■ **Your instructions**
What is printed must match, line for line, the records from their first line through the line containing "# M6 Clearance Hole1 (through all)", with pictures left out.
Provided information: Begin
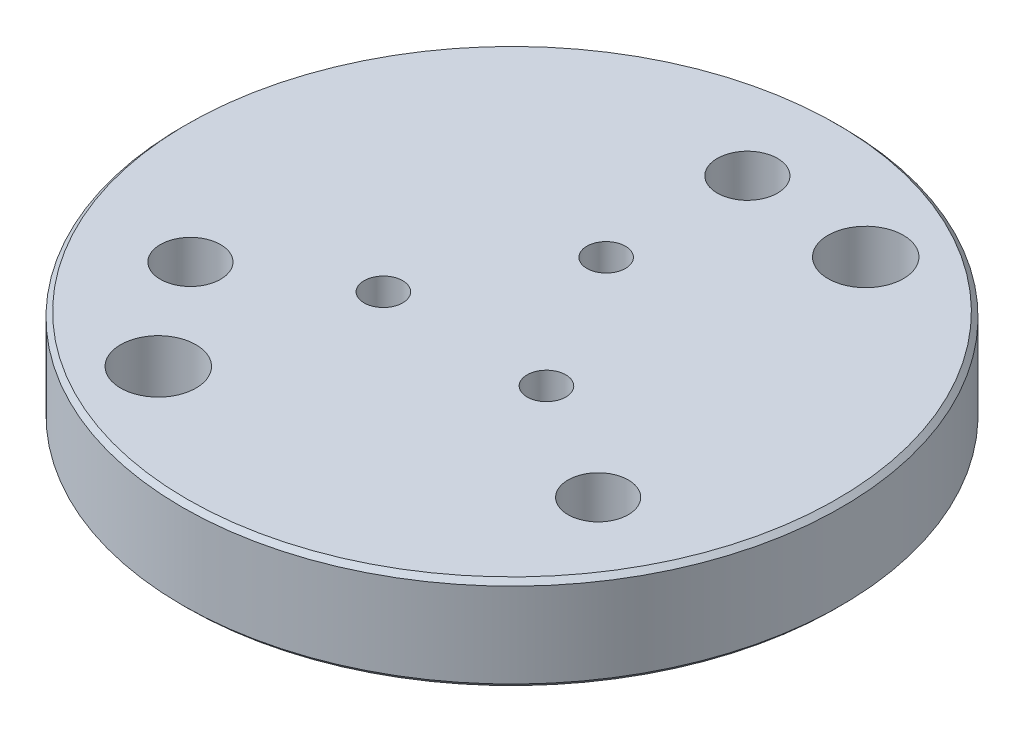
from build123d import *

# Parameters (mm, degrees)
SKETCH1_R             = 35
BOSS_EXTRUDE1_DEPTH   = 10
CUT_EXTRUDE1_REACH    = 52.498
SKETCH2_R             = 2.05
F_8_0MM_DOWEL_HOLE1_D = 8
M6_CLEARANCE_HOLE1_D  = 6.4
CHAMFER1_SIZE         = 0.5


with BuildPart() as part:
    # Sketch1 → Boss-Extrude1 (new body)
    with BuildSketch(Plane(origin=(0, 0, 0), x_dir=(1, 0, 0), z_dir=(0, 1, 0))):
        Circle(SKETCH1_R)
    extrude(amount=-BOSS_EXTRUDE1_DEPTH)

    # Sketch2 → Cut-Extrude1 (cut, up to next)
    with BuildSketch(Plane(origin=(0, 0, 0), x_dir=(1, 0, 0), z_dir=(0, 1, 0)), mode=Mode.PRIVATE) as cut_extrude1_sk1:
        with Locations((8.660254038, -5)):
            Circle(SKETCH2_R)
    cut_extrude1_tool1 = extrude(cut_extrude1_sk1.sketch, amount=-CUT_EXTRUDE1_REACH, mode=Mode.PRIVATE) & part.part
    # Sketch2 → Cut-Extrude1 (cut, up to next)
    with BuildSketch(Plane(origin=(0, 0, 0), x_dir=(1, 0, 0), z_dir=(0, 1, 0)), mode=Mode.PRIVATE) as cut_extrude1_sk2:
        with Locations((0, 10)):
            Circle(SKETCH2_R)
    cut_extrude1_tool2 = extrude(cut_extrude1_sk2.sketch, amount=-CUT_EXTRUDE1_REACH, mode=Mode.PRIVATE) & part.part
    # Sketch2 → Cut-Extrude1 (cut, up to next)
    with BuildSketch(Plane(origin=(0, 0, 0), x_dir=(1, 0, 0), z_dir=(0, 1, 0)), mode=Mode.PRIVATE) as cut_extrude1_sk3:
        with Locations((-8.660254038, -5)):
            Circle(SKETCH2_R)
    cut_extrude1_tool3 = extrude(cut_extrude1_sk3.sketch, amount=-CUT_EXTRUDE1_REACH, mode=Mode.PRIVATE) & part.part
    add(cut_extrude1_tool1.solids().sort_by_distance((8.660254, 0, 5))[0], mode=Mode.SUBTRACT)
    add(cut_extrude1_tool2.solids().sort_by_distance((0, 0, -10))[0], mode=Mode.SUBTRACT)
    add(cut_extrude1_tool3.solids().sort_by_distance((-8.660254, 0, 5))[0], mode=Mode.SUBTRACT)

    # Ø8.0mm Dowel Hole1 (through all)
    with Locations(Plane(origin=(0, -10, 0), x_dir=(-1, 0, 0), z_dir=(0, -1, 0))):
        with Locations((-13.75, 23.815698604), (13.75, -23.815698604)):
            Hole(F_8_0MM_DOWEL_HOLE1_D / 2)

    # M6 Clearance Hole1 (through all)
    with Locations(Plane(origin=(0, -10, 0), x_dir=(-1, 0, 0), z_dir=(0, -1, 0))):
        with Locations((-21.650635095, -12.5), (21.650635095, -12.5), (0, 25)):
            Hole(M6_CLEARANCE_HOLE1_D / 2)

    # Chamfer1
    chamfer1_edges = [part.edges().sort_by_distance(p)[0] for p in [
        (-35, 0, 0),
        (-35, -10, 0),
    ]]
    chamfer(chamfer1_edges, length=CHAMFER1_SIZE)


solid = part.part
Provided information: End
■ **Task solution**
from build123d import *

# Parameters (mm, degrees)
SKETCH1_R             = 35
BOSS_EXTRUDE1_DEPTH   = 10
CUT_EXTRUDE1_REACH    = 52.498
SKETCH2_R             = 2.05
F_8_0MM_DOWEL_HOLE1_D = 8
M6_CLEARANCE_HOLE1_D  = 6.4
CHAMFER1_SIZE         = 0.5


with BuildPart() as part:
    # Sketch1 → Boss-Extrude1 (new body)
    with BuildSketch(Plane(origin=(0, 0, 0), x_dir=(1, 0, 0), z_dir=(0, 1, 0))):
        Circle(SKETCH1_R)
    extrude(amount=-BOSS_EXTRUDE1_DEPTH)

    # Sketch2 → Cut-Extrude1 (cut, up to next)
    with BuildSketch(Plane(origin=(0, 0, 0), x_dir=(1, 0, 0), z_dir=(0, 1, 0)), mode=Mode.PRIVATE) as cut_extrude1_sk1:
        with Locations((8.660254038, -5)):
            Circle(SKETCH2_R)
    cut_extrude1_tool1 = extrude(cut_extrude1_sk1.sketch, amount=-CUT_EXTRUDE1_REACH, mode=Mode.PRIVATE) & part.part
    # Sketch2 → Cut-Extrude1 (cut, up to next)
    with BuildSketch(Plane(origin=(0, 0, 0), x_dir=(1, 0, 0), z_dir=(0, 1, 0)), mode=Mode.PRIVATE) as cut_extrude1_sk2:
        with Locations((0, 10)):
            Circle(SKETCH2_R)
    cut_extrude1_tool2 = extrude(cut_extrude1_sk2.sketch, amount=-CUT_EXTRUDE1_REACH, mode=Mode.PRIVATE) & part.part
    # Sketch2 → Cut-Extrude1 (cut, up to next)
    with BuildSketch(Plane(origin=(0, 0, 0), x_dir=(1, 0, 0), z_dir=(0, 1, 0)), mode=Mode.PRIVATE) as cut_extrude1_sk3:
        with Locations((-8.660254038, -5)):
            Circle(SKETCH2_R)
    cut_extrude1_tool3 = extrude(cut_extrude1_sk3.sketch, amount=-CUT_EXTRUDE1_REACH, mode=Mode.PRIVATE) & part.part
    add(cut_extrude1_tool1.solids().sort_by_distance((8.660254, 0, 5))[0], mode=Mode.SUBTRACT)
    add(cut_extrude1_tool2.solids().sort_by_distance((0, 0, -10))[0], mode=Mode.SUBTRACT)
    add(cut_extrude1_tool3.solids().sort_by_distance((-8.660254, 0, 5))[0], mode=Mode.SUBTRACT)

    # Ø8.0mm Dowel Hole1 (through all)
    with Locations(Plane(origin=(0, -10, 0), x_dir=(-1, 0, 0), z_dir=(0, -1, 0))):
        with Locations((-13.75, 23.815698604), (13.75, -23.815698604)):
            Hole(F_8_0MM_DOWEL_HOLE1_D / 2)

    # M6 Clearance Hole1 (through all)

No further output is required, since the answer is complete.